Runtime of one time step measured on the Lichtenberg cluster

Fig. 12
figure 12

Runtime speedup of one time step measured on the Lichtenberg cluster

Fig. 13
figure 13

Parallel efficiency scaling over number of processors

5 Conclusion

We have presented a turbulent test case with prescribed structural motion, for which we applied a y + adaptive and a non-solution-adaptive grid movement strategy. The conducted numerical experiments showed, that it is important to control the grid resolution for simulations with changing flow conditions as occurring for FSI scenarios. The grid moving strategy outlined in this work in principle is not restricted to just limiting y +. Other solution dependent criteria are possible, as for example a posteriori error estimates aiming to reduce discretization errors.

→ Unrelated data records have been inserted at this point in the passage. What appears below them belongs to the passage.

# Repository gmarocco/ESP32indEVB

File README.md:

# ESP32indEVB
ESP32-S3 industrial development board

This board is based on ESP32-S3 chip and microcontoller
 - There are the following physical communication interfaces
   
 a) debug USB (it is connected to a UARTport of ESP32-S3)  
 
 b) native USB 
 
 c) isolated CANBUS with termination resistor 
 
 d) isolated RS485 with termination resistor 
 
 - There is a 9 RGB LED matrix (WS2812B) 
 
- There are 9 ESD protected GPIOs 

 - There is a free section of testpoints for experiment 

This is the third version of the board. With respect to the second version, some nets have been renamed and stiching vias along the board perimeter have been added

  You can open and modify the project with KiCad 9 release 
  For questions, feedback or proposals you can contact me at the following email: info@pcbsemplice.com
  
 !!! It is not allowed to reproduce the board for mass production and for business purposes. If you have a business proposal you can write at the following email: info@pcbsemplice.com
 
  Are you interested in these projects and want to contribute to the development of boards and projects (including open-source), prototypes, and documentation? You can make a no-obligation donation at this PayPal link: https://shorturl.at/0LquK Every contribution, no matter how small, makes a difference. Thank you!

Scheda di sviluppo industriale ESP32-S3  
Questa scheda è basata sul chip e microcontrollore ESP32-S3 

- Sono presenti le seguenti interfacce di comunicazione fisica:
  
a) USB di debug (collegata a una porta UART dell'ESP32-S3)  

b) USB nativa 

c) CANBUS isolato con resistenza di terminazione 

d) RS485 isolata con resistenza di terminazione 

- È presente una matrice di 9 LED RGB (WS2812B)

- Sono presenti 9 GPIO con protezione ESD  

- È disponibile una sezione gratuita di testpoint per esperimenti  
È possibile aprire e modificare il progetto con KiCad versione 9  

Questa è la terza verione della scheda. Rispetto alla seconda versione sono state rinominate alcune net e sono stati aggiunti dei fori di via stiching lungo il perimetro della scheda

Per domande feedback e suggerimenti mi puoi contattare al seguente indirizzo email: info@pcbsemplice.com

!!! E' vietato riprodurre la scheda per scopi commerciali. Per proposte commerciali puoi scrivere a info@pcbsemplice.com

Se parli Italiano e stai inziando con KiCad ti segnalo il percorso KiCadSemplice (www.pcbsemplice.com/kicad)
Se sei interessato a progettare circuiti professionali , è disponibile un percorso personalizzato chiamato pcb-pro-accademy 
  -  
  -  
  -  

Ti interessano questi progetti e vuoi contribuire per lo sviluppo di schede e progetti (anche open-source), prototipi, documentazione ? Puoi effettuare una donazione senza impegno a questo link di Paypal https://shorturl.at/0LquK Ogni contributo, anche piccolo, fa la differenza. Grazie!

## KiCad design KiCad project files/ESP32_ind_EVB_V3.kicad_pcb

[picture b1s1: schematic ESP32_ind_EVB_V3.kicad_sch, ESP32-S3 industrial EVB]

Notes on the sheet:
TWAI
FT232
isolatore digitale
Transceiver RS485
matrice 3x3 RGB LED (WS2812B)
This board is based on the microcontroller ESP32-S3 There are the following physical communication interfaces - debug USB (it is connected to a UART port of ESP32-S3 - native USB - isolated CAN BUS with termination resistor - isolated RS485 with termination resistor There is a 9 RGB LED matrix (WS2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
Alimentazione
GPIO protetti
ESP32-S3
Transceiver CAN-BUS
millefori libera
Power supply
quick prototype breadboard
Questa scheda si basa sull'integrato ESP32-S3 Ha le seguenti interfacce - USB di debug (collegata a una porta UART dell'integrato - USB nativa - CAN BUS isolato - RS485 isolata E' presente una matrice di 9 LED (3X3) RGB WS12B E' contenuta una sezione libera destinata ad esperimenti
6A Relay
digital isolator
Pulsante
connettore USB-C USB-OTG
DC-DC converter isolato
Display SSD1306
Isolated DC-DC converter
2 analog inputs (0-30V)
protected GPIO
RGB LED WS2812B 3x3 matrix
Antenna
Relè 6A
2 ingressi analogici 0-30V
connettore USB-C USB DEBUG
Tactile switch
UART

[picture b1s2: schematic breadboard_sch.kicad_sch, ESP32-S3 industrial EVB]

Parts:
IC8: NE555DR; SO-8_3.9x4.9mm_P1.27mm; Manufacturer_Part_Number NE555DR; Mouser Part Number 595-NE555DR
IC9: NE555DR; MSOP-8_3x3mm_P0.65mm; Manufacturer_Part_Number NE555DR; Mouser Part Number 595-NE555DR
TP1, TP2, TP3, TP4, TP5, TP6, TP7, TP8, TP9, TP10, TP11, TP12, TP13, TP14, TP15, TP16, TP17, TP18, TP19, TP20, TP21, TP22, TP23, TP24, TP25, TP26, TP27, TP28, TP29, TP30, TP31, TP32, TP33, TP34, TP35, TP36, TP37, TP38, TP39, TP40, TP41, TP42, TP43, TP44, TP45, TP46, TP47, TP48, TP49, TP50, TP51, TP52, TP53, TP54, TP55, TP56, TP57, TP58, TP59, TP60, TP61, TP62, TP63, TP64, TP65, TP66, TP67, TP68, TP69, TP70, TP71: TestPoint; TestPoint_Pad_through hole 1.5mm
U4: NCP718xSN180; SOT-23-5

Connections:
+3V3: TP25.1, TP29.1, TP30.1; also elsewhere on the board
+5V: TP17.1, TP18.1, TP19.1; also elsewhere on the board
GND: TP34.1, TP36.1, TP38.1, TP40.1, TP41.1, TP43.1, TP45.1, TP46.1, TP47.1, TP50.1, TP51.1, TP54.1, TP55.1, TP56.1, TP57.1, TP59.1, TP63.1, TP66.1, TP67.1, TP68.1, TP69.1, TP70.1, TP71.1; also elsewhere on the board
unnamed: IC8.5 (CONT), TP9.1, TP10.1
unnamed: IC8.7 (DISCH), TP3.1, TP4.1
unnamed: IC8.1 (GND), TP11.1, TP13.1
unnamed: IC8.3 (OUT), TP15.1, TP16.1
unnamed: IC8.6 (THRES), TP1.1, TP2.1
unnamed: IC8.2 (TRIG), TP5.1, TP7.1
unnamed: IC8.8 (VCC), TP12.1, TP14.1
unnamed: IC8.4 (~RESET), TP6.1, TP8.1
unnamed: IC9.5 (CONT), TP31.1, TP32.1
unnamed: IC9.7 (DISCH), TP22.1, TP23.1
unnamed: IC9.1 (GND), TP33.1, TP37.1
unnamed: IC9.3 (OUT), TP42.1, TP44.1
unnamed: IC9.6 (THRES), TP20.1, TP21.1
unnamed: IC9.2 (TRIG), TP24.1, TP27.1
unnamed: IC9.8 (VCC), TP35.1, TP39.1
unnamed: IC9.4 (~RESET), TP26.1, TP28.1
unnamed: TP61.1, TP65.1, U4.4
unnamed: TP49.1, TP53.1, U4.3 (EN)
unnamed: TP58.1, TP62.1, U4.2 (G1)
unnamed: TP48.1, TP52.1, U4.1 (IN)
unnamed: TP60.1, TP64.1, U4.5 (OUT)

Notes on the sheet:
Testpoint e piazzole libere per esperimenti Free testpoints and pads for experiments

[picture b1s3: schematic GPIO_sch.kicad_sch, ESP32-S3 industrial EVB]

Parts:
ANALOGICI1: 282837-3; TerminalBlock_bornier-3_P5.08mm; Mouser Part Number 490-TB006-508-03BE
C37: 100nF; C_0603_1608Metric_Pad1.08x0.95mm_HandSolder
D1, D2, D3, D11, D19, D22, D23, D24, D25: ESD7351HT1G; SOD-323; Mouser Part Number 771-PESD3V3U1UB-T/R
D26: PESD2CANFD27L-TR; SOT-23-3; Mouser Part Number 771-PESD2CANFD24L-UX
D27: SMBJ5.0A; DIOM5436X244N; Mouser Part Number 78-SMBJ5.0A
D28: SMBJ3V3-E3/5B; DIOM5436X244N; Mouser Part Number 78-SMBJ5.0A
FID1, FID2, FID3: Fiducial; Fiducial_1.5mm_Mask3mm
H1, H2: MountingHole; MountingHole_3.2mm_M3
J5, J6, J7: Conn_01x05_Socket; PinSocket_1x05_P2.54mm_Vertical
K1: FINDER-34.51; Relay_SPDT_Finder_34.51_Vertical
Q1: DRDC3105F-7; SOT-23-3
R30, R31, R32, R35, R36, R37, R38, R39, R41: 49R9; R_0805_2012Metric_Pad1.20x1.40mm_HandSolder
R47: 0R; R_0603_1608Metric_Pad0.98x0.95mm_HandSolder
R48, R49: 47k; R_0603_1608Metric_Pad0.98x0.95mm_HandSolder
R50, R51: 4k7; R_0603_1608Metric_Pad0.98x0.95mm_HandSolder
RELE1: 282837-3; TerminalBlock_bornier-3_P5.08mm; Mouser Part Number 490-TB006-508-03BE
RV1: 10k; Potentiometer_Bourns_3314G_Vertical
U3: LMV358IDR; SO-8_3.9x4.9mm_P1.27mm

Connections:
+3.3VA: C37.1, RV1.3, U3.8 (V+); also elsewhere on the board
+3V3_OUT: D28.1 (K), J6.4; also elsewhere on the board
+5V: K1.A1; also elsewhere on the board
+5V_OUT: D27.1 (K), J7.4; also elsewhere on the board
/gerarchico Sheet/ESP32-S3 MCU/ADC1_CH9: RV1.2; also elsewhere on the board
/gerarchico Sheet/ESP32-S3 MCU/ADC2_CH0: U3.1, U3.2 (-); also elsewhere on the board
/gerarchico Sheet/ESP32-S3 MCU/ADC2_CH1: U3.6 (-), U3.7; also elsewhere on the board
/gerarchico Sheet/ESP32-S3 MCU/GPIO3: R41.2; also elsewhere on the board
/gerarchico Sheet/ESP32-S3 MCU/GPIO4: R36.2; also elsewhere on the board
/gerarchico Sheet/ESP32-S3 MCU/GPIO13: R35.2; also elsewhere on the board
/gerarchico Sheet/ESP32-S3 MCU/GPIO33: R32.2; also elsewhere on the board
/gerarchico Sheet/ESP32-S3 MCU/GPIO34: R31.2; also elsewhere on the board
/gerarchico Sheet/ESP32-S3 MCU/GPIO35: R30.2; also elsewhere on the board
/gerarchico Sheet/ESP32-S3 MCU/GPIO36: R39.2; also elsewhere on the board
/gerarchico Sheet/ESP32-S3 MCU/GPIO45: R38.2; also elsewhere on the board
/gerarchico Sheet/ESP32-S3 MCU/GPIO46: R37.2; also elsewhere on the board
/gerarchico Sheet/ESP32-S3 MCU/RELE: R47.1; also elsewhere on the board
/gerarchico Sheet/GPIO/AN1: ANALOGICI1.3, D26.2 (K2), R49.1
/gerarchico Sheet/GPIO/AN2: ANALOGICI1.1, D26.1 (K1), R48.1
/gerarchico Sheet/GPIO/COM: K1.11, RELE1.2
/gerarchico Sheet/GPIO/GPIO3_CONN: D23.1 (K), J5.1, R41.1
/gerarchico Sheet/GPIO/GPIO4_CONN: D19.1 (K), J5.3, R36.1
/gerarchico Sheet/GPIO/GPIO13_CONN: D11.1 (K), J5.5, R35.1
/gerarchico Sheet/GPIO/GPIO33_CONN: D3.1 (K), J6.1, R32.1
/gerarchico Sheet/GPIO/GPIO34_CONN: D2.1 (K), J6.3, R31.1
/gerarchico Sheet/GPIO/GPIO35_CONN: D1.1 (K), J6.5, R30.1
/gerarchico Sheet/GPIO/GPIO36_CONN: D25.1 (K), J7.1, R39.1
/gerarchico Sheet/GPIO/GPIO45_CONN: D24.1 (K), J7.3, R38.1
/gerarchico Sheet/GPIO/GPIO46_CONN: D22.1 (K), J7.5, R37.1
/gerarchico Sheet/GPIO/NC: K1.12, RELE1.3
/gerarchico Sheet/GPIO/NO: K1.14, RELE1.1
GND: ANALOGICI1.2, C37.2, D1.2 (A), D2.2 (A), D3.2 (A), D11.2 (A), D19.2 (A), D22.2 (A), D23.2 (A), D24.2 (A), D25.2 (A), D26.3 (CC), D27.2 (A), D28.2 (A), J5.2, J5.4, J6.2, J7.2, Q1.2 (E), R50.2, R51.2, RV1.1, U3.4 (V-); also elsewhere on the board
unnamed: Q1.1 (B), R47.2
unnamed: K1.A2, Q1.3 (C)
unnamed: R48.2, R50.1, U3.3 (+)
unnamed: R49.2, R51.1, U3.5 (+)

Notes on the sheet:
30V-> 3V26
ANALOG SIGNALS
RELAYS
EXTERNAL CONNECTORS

We have also shown, that the solution adaptive grid movement can be calculated in an acceptable portion of total run time for serial as well as for parallel computation. The runtime results are of course test case dependent. Here the ratio of maximum displacement to a characteristic length of the computational domain is an important influence factor and has to be investigated in future work.